• **TASK ITEM**: Line by line, print the records exactly.

Saved data entries:
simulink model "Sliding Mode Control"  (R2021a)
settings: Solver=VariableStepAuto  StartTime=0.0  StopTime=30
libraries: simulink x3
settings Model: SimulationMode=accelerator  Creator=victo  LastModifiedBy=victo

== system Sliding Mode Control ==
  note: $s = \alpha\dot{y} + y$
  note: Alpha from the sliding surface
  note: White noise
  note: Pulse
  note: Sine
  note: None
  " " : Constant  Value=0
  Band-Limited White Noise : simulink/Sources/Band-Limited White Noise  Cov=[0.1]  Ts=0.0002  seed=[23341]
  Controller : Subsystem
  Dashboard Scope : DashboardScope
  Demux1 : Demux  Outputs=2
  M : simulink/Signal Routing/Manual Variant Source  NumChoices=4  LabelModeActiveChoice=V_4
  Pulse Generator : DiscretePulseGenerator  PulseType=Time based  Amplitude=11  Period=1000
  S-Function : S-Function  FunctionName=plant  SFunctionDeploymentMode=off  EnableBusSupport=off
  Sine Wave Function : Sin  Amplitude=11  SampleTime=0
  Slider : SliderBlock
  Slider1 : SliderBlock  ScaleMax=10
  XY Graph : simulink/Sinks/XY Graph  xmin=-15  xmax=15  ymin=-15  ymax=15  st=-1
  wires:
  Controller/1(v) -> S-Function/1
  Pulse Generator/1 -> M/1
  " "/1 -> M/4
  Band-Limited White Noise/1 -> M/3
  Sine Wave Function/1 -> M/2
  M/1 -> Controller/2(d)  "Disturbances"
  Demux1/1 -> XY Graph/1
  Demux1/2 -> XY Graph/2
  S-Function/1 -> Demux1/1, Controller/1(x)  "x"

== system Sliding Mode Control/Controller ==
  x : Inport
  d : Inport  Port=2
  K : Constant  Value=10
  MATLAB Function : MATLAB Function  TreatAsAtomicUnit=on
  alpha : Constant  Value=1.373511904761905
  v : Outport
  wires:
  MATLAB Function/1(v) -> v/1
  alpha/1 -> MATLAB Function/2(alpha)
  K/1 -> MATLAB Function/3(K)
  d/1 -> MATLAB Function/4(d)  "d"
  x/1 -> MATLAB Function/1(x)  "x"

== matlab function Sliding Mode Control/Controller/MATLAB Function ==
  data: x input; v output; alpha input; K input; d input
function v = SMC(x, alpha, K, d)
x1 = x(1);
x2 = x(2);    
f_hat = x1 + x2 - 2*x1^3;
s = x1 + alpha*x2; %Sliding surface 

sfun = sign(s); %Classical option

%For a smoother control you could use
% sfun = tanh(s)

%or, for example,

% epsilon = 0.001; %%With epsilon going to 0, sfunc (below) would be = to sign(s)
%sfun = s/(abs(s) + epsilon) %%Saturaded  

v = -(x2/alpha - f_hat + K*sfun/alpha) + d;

• **REPLY**:
simulink model "Sliding Mode Control"  (R2021a)
settings: Solver=VariableStepAuto  StartTime=0.0  StopTime=30
libraries: simulink x3
settings Model: SimulationMode=accelerator  Creator=victo  LastModifiedBy=victo

== system Sliding Mode Control ==
  note: $s = \alpha\dot{y} + y$
  note: Alpha from the sliding surface
  note: White noise
  note: Pulse
  note: Sine
  note: None
  " " : Constant  Value=0
  Band-Limited White Noise : simulink/Sources/Band-Limited White Noise  Cov=[0.1]  Ts=0.0002  seed=[23341]
  Controller : Subsystem
  Dashboard Scope : DashboardScope
  Demux1 : Demux  Outputs=2
  M : simulink/Signal Routing/Manual Variant Source  NumChoices=4  LabelModeActiveChoice=V_4
  Pulse Generator : DiscretePulseGenerator  PulseType=Time based  Amplitude=11  Period=1000
  S-Function : S-Function  FunctionName=plant  SFunctionDeploymentMode=off  EnableBusSupport=off
  Sine Wave Function : Sin  Amplitude=11  SampleTime=0
  Slider : SliderBlock
  Slider1 : SliderBlock  ScaleMax=10
  XY Graph : simulink/Sinks/XY Graph  xmin=-15  xmax=15  ymin=-15  ymax=15  st=-1
  wires:
  Controller/1(v) -> S-Function/1
  Pulse Generator/1 -> M/1
  " "/1 -> M/4
  Band-Limited White Noise/1 -> M/3
  Sine Wave Function/1 -> M/2
  M/1 -> Controller/2(d)  "Disturbances"
  Demux1/1 -> XY Graph/1
  Demux1/2 -> XY Graph/2
  S-Function/1 -> Demux1/1, Controller/1(x)  "x"

== system Sliding Mode Control/Controller ==
  x : Inport
  d : Inport  Port=2
  K : Constant  Value=10
  MATLAB Function : MATLAB Function  TreatAsAtomicUnit=on
  alpha : Constant  Value=1.373511904761905
  v : Outport
  wires:
  MATLAB Function/1(v) -> v/1
  alpha/1 -> MATLAB Function/2(alpha)
  K/1 -> MATLAB Function/3(K)
  d/1 -> MATLAB Function/4(d)  "d"
  x/1 -> MATLAB Function/1(x)  "x"

== matlab function Sliding Mode Control/Controller/MATLAB Function ==
  data: x input; v output; alpha input; K input; d input
function v = SMC(x, alpha, K, d)
x1 = x(1);
x2 = x(2);    
f_hat = x1 + x2 - 2*x1^3;
s = x1 + alpha*x2; %Sliding surface 

sfun = sign(s); %Classical option

%For a smoother control you could use
% sfun = tanh(s)

%or, for example,

% epsilon = 0.001; %%With epsilon going to 0, sfunc (below) would be = to sign(s)
%sfun = s/(abs(s) + epsilon) %%Saturaded  

v = -(x2/alpha - f_hat + K*sfun/alpha) + d;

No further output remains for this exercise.